Many of the people Lee enlisted for the trip are friends or relatives, including her 5-year old grandson.

"I'm going to be surrounded by family," Lee continues. "I'm going to share this day with people I love."

***

From Monday through Friday, Lee works as a full-time administrative assistant for NHS Human Services in Mt. Airy. On Monday evenings, she mans the front desk at the Dance Institute of Philadelphia in Germantown. On Thursday and Friday evenings, and from 9 to 5 on Saturdays and Sundays, Lee serves as a "community backer" for Vision Quest, counseling teenage girls under house arrest throughout the city.

"That's what us single mommas do," Lee boasts. "I have no time to date."

She jokes that all her money goes to Penn State University, where her younger daughter is a sophomore.

In addition to the near=constant employment, Lee arranges line dances, organizes charity dinners, plans block parties, writes a monthly community newsletter and remedies neighbors' problems in her role as tenant council president.

"I had one senior resident call me about a mouse in her kitchen," Lee says with a laugh. "I told her to call maintenance but I still had to go over there and make sure she calmed down."

"That's what Wendy does," Skipworth says. "If something's got to be done, she takes care of it."

Lee arranged the inauguration trip and sold seats at $50 per person whenever she found a free moment.

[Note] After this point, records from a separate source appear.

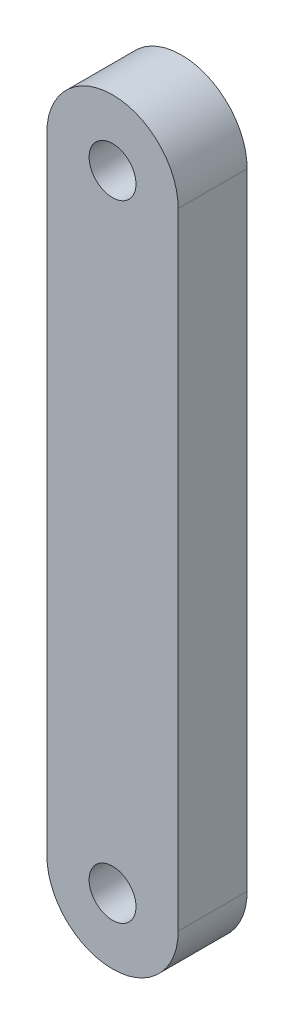
ISO-10303-21;
HEADER;
FILE_DESCRIPTION(('STEP AP214'),'2;1');
FILE_NAME('part.step','',(''),(''),'','','');
FILE_SCHEMA(('AUTOMOTIVE_DESIGN { 1 0 10303 214 1 1 1 1 }'));
ENDSEC;
DATA;
#1=APPLICATION_CONTEXT('core data for automotive mechanical design processes');
#2=APPLICATION_PROTOCOL_DEFINITION('international standard','automotive_design',2000,#1);
#3=PRODUCT_CONTEXT('',#1,'mechanical');
#4=PRODUCT('Part','Part','',(#3));
#5=PRODUCT_RELATED_PRODUCT_CATEGORY('part','',(#4));
#6=PRODUCT_DEFINITION_FORMATION('','',#4);
#7=PRODUCT_DEFINITION_CONTEXT('part definition',#1,'design');
#8=PRODUCT_DEFINITION('design','',#6,#7);
#9=PRODUCT_DEFINITION_SHAPE('','',#8);
#10=(LENGTH_UNIT() NAMED_UNIT(*) SI_UNIT(.MILLI.,.METRE.));
#11=(NAMED_UNIT(*) PLANE_ANGLE_UNIT() SI_UNIT($,.RADIAN.));
#12=(NAMED_UNIT(*) SI_UNIT($,.STERADIAN.) SOLID_ANGLE_UNIT());
#13=UNCERTAINTY_MEASURE_WITH_UNIT(LENGTH_MEASURE(1.E-05),#10,'distance_accuracy_value','');
#14=(GEOMETRIC_REPRESENTATION_CONTEXT(3) GLOBAL_UNCERTAINTY_ASSIGNED_CONTEXT((#13)) GLOBAL_UNIT_ASSIGNED_CONTEXT((#10,
#11,#12)) REPRESENTATION_CONTEXT('',''));
#15=CARTESIAN_POINT('',(0.,0.,0.));
#16=DIRECTION('',(0.,0.,1.));
#17=DIRECTION('',(1.,0.,0.));
#18=AXIS2_PLACEMENT_3D('',#15,#16,#17);
#19=CARTESIAN_POINT('',(0.,14.4838985534079,5.));
#20=DIRECTION('',(0.,0.,1.));
#21=DIRECTION('',(1.,0.,0.));
#22=AXIS2_PLACEMENT_3D('',#19,#20,#21);
#23=PLANE('',#22);
#24=CARTESIAN_POINT('',(0.,59.8656683806735,5.));
#25=DIRECTION('',(0.,0.,1.));
#26=DIRECTION('',(1.,0.,0.));
#27=AXIS2_PLACEMENT_3D('',#24,#25,#26);
#28=CIRCLE('',#27,1.7);
#29=CARTESIAN_POINT('',(1.7,59.8656683806735,5.));
#30=VERTEX_POINT('',#29);
#31=EDGE_CURVE('E121',#30,#30,#28,.T.);
#32=ORIENTED_EDGE('',*,*,#31,.F.);
#33=EDGE_LOOP('',(#32));
#34=FACE_BOUND('',#33,.T.);
#35=CARTESIAN_POINT('',(0.,14.4838985534079,5.));
#36=DIRECTION('',(0.,0.,1.));
#37=DIRECTION('',(1.,0.,0.));
#38=AXIS2_PLACEMENT_3D('',#35,#36,#37);
#39=CIRCLE('',#38,4.7623156527834);
#40=CARTESIAN_POINT('',(-4.7623156527834,14.4838985534079,5.));
#41=VERTEX_POINT('',#40);
#42=CARTESIAN_POINT('',(4.7623156527834,14.4838985534079,5.));
#43=VERTEX_POINT('',#42);
#44=EDGE_CURVE('E100',#41,#43,#39,.T.);
#45=ORIENTED_EDGE('',*,*,#44,.T.);
#46=DIRECTION('',(0.,1.,0.));
#47=VECTOR('',#46,1.);
#48=CARTESIAN_POINT('',(4.7623156527834,14.4838985534079,5.));
#49=LINE('',#48,#47);
#50=CARTESIAN_POINT('',(4.7623156527834,59.8656683806735,5.));
#51=VERTEX_POINT('',#50);
#52=EDGE_CURVE('E94',#43,#51,#49,.T.);
#53=ORIENTED_EDGE('',*,*,#52,.T.);
#54=CARTESIAN_POINT('',(0.,59.8656683806735,5.));
#55=DIRECTION('',(0.,0.,1.));
#56=DIRECTION('',(1.,0.,0.));
#57=AXIS2_PLACEMENT_3D('',#54,#55,#56);
#58=CIRCLE('',#57,4.7623156527834);
#59=CARTESIAN_POINT('',(-4.7623156527834,59.8656683806735,5.));
#60=VERTEX_POINT('',#59);
#61=EDGE_CURVE('E98',#51,#60,#58,.T.);
#62=ORIENTED_EDGE('',*,*,#61,.T.);
#63=DIRECTION('',(0.,-1.,0.));
#64=VECTOR('',#63,1.);
#65=CARTESIAN_POINT('',(-4.7623156527834,14.4838985534079,5.));
#66=LINE('',#65,#64);
#67=EDGE_CURVE('E60',#60,#41,#66,.T.);
#68=ORIENTED_EDGE('',*,*,#67,.T.);
#69=EDGE_LOOP('',(#45,#53,#62,#68));
#70=FACE_BOUND('',#69,.T.);
#71=CARTESIAN_POINT('',(0.,14.4838985534079,5.));
#72=DIRECTION('',(0.,0.,1.));
#73=DIRECTION('',(1.,0.,0.));
#74=AXIS2_PLACEMENT_3D('',#71,#72,#73);
#75=CIRCLE('',#74,1.7);
#76=CARTESIAN_POINT('',(1.7,14.4838985534079,5.));
#77=VERTEX_POINT('',#76);
#78=EDGE_CURVE('E143',#77,#77,#75,.T.);
#79=ORIENTED_EDGE('',*,*,#78,.F.);
#80=EDGE_LOOP('',(#79));
#81=FACE_BOUND('',#80,.T.);
#82=ADVANCED_FACE('F39',(#34,#70,#81),#23,.T.);
#83=CARTESIAN_POINT('',(0.,14.4838985534079,0.));
#84=DIRECTION('',(0.,0.,1.));
#85=DIRECTION('',(1.,0.,0.));
#86=AXIS2_PLACEMENT_3D('',#83,#84,#85);
#87=PLANE('',#86);
#88=CARTESIAN_POINT('',(0.,59.8656683806735,0.));
#89=DIRECTION('',(0.,0.,1.));
#90=DIRECTION('',(1.,0.,0.));
#91=AXIS2_PLACEMENT_3D('',#88,#89,#90);
#92=CIRCLE('',#91,1.7);
#93=CARTESIAN_POINT('',(1.7,59.8656683806735,0.));
#94=VERTEX_POINT('',#93);
#95=EDGE_CURVE('E140',#94,#94,#92,.T.);
#96=ORIENTED_EDGE('',*,*,#95,.T.);
#97=EDGE_LOOP('',(#96));
#98=FACE_BOUND('',#97,.T.);
#99=CARTESIAN_POINT('',(0.,14.4838985534079,0.));
#100=DIRECTION('',(0.,0.,1.));
#101=DIRECTION('',(1.,0.,0.));
#102=AXIS2_PLACEMENT_3D('',#99,#100,#101);
#103=CIRCLE('',#102,4.7623156527834);
#104=CARTESIAN_POINT('',(-4.7623156527834,14.4838985534079,0.));
#105=VERTEX_POINT('',#104);
#106=CARTESIAN_POINT('',(4.7623156527834,14.4838985534079,0.));
#107=VERTEX_POINT('',#106);
#108=EDGE_CURVE('E117',#105,#107,#103,.T.);
#109=ORIENTED_EDGE('',*,*,#108,.F.);
#110=DIRECTION('',(0.,-1.,0.));
#111=VECTOR('',#110,1.);
#112=CARTESIAN_POINT('',(-4.7623156527834,14.4838985534079,0.));
#113=LINE('',#112,#111);
#114=CARTESIAN_POINT('',(-4.7623156527834,59.8656683806735,0.));
#115=VERTEX_POINT('',#114);
#116=EDGE_CURVE('E87',#115,#105,#113,.T.);
#117=ORIENTED_EDGE('',*,*,#116,.F.);
#118=CARTESIAN_POINT('',(0.,59.8656683806735,0.));
#119=DIRECTION('',(0.,0.,1.));
#120=DIRECTION('',(1.,0.,0.));
#121=AXIS2_PLACEMENT_3D('',#118,#119,#120);
#122=CIRCLE('',#121,4.7623156527834);
#123=CARTESIAN_POINT('',(4.7623156527834,59.8656683806735,0.));
#124=VERTEX_POINT('',#123);
#125=EDGE_CURVE('E81',#124,#115,#122,.T.);
#126=ORIENTED_EDGE('',*,*,#125,.F.);
#127=DIRECTION('',(0.,1.,0.));
#128=VECTOR('',#127,1.);
#129=CARTESIAN_POINT('',(4.7623156527834,14.4838985534079,0.));
#130=LINE('',#129,#128);
#131=EDGE_CURVE('E105',#107,#124,#130,.T.);
#132=ORIENTED_EDGE('',*,*,#131,.F.);
#133=EDGE_LOOP('',(#109,#117,#126,#132));
#134=FACE_BOUND('',#133,.T.);
#135=CARTESIAN_POINT('',(0.,14.4838985534079,0.));
#136=DIRECTION('',(0.,0.,1.));
#137=DIRECTION('',(1.,0.,0.));
#138=AXIS2_PLACEMENT_3D('',#135,#136,#137);
#139=CIRCLE('',#138,1.7);
#140=CARTESIAN_POINT('',(1.7,14.4838985534079,0.));
#141=VERTEX_POINT('',#140);
#142=EDGE_CURVE('E147',#141,#141,#139,.T.);
#143=ORIENTED_EDGE('',*,*,#142,.T.);
#144=EDGE_LOOP('',(#143));
#145=FACE_BOUND('',#144,.T.);
#146=ADVANCED_FACE('F134',(#98,#134,#145),#87,.F.);
#147=CARTESIAN_POINT('',(0.,14.4838985534079,5.));
#148=DIRECTION('',(0.,0.,-1.));
#149=DIRECTION('',(-1.,0.,0.));
#150=AXIS2_PLACEMENT_3D('',#147,#148,#149);
#151=CYLINDRICAL_SURFACE('',#150,4.7623156527834);
#152=ORIENTED_EDGE('',*,*,#108,.T.);
#153=DIRECTION('',(0.,0.,-1.));
#154=VECTOR('',#153,1.);
#155=CARTESIAN_POINT('',(4.7623156527834,14.4838985534079,5.));
#156=LINE('',#155,#154);
#157=EDGE_CURVE('E11',#43,#107,#156,.T.);
#158=ORIENTED_EDGE('',*,*,#157,.F.);
#159=ORIENTED_EDGE('',*,*,#44,.F.);
#160=DIRECTION('',(0.,0.,-1.));
#161=VECTOR('',#160,1.);
#162=CARTESIAN_POINT('',(-4.7623156527834,14.4838985534079,5.));
#163=LINE('',#162,#161);
#164=EDGE_CURVE('E113',#41,#105,#163,.T.);
#165=ORIENTED_EDGE('',*,*,#164,.T.);
#166=EDGE_LOOP('',(#152,#158,#159,#165));
#167=FACE_BOUND('',#166,.T.);
#168=ADVANCED_FACE('F41',(#167),#151,.T.);
#169=CARTESIAN_POINT('',(4.7623156527834,14.4838985534079,5.));
#170=DIRECTION('',(-1.,0.,0.));
#171=DIRECTION('',(0.,0.,1.));
#172=AXIS2_PLACEMENT_3D('',#169,#170,#171);
#173=PLANE('',#172);
#174=ORIENTED_EDGE('',*,*,#131,.T.);
#175=DIRECTION('',(0.,0.,-1.));
#176=VECTOR('',#175,1.);
#177=CARTESIAN_POINT('',(4.7623156527834,59.8656683806735,5.));
#178=LINE('',#177,#176);
#179=EDGE_CURVE('E49',#51,#124,#178,.T.);
#180=ORIENTED_EDGE('',*,*,#179,.F.);
#181=ORIENTED_EDGE('',*,*,#52,.F.);
#182=ORIENTED_EDGE('',*,*,#157,.T.);
#183=EDGE_LOOP('',(#174,#180,#181,#182));
#184=FACE_BOUND('',#183,.T.);
#185=ADVANCED_FACE('F104',(#184),#173,.F.);
#186=CARTESIAN_POINT('',(0.,59.8656683806735,5.));
#187=DIRECTION('',(0.,0.,-1.));
#188=DIRECTION('',(-1.,0.,0.));
#189=AXIS2_PLACEMENT_3D('',#186,#187,#188);
#190=CYLINDRICAL_SURFACE('',#189,4.7623156527834);
#191=ORIENTED_EDGE('',*,*,#125,.T.);
#192=DIRECTION('',(0.,0.,-1.));
#193=VECTOR('',#192,1.);
#194=CARTESIAN_POINT('',(-4.7623156527834,59.8656683806735,5.));
#195=LINE('',#194,#193);
#196=EDGE_CURVE('E107',#60,#115,#195,.T.);
#197=ORIENTED_EDGE('',*,*,#196,.F.);
#198=ORIENTED_EDGE('',*,*,#61,.F.);
#199=ORIENTED_EDGE('',*,*,#179,.T.);
#200=EDGE_LOOP('',(#191,#197,#198,#199));
#201=FACE_BOUND('',#200,.T.);
#202=ADVANCED_FACE('F108',(#201),#190,.T.);
#203=CARTESIAN_POINT('',(-4.7623156527834,14.4838985534079,5.));
#204=DIRECTION('',(1.,0.,0.));
#205=DIRECTION('',(0.,0.,-1.));
#206=AXIS2_PLACEMENT_3D('',#203,#204,#205);
#207=PLANE('',#206);
#208=ORIENTED_EDGE('',*,*,#116,.T.);
#209=ORIENTED_EDGE('',*,*,#164,.F.);
#210=ORIENTED_EDGE('',*,*,#67,.F.);
#211=ORIENTED_EDGE('',*,*,#196,.T.);
#212=EDGE_LOOP('',(#208,#209,#210,#211));
#213=FACE_BOUND('',#212,.T.);
#214=ADVANCED_FACE('F131',(#213),#207,.F.);
#215=CARTESIAN_POINT('',(0.,59.8656683806735,5.));
#216=DIRECTION('',(0.,0.,-1.));
#217=DIRECTION('',(-1.,0.,0.));
#218=AXIS2_PLACEMENT_3D('',#215,#216,#217);
#219=CYLINDRICAL_SURFACE('',#218,1.7);
#220=ORIENTED_EDGE('',*,*,#31,.T.);
#221=EDGE_LOOP('',(#220));
#222=FACE_BOUND('',#221,.T.);
#223=ORIENTED_EDGE('',*,*,#95,.F.);
#224=EDGE_LOOP('',(#223));
#225=FACE_BOUND('',#224,.T.);
#226=ADVANCED_FACE('F166',(#222,#225),#219,.F.);
#227=CARTESIAN_POINT('',(0.,14.4838985534079,5.));
#228=DIRECTION('',(0.,0.,-1.));
#229=DIRECTION('',(-1.,0.,0.));
#230=AXIS2_PLACEMENT_3D('',#227,#228,#229);
#231=CYLINDRICAL_SURFACE('',#230,1.7);
#232=ORIENTED_EDGE('',*,*,#78,.T.);
#233=EDGE_LOOP('',(#232));
#234=FACE_BOUND('',#233,.T.);
#235=ORIENTED_EDGE('',*,*,#142,.F.);
#236=EDGE_LOOP('',(#235));
#237=FACE_BOUND('',#236,.T.);
#238=ADVANCED_FACE('F154',(#234,#237),#231,.F.);
#239=CLOSED_SHELL('',(#82,#146,#168,#185,#202,#214,#226,#238));
#240=MANIFOLD_SOLID_BREP('B2',#239);
#241=ADVANCED_BREP_SHAPE_REPRESENTATION('',(#18,#240),#14);
#242=SHAPE_DEFINITION_REPRESENTATION(#9,#241);
ENDSEC;
END-ISO-10303-21;

She won't make any money on the venture.

"She's doing this out of the goodness of her heart," says Lindsay.

***

Occasionally, life challenges the jovial, sassy Lee.

"There's times when I'm so tired, I fly off in a minute," she states.

Morton Homes is a public housing complex and there have been waves of violence and drug dealing. Her half-brother and a 6-year old girl were shot in front of Lee's two-story rowhome in 2001. Both survived.

For strength Lee relies upon memories of her grandmother, Ada Thomas, who passed away last August at 84. A light-skinned African-American, she battled prejudice from both whites and blacks. But she was resolute in her abilities and remained politically active all her life. She served as a committee person in Brewerytown for more than 40 years.

"She's who convinced me to become a committee person," Lee acknowledges as tears well in her eyes. "I come from a long line of strong black women."

Even if the Obama presidency doesn't solve all the world's problems, Lee feels that Obama's very presence will set a positive tone for America.

"I have faith in him," she says. "I really do."

Lee still has a few available seats on her bus. If she fills that bus, she has tentative arrangements for a second.

"I'll work till the very end," she says.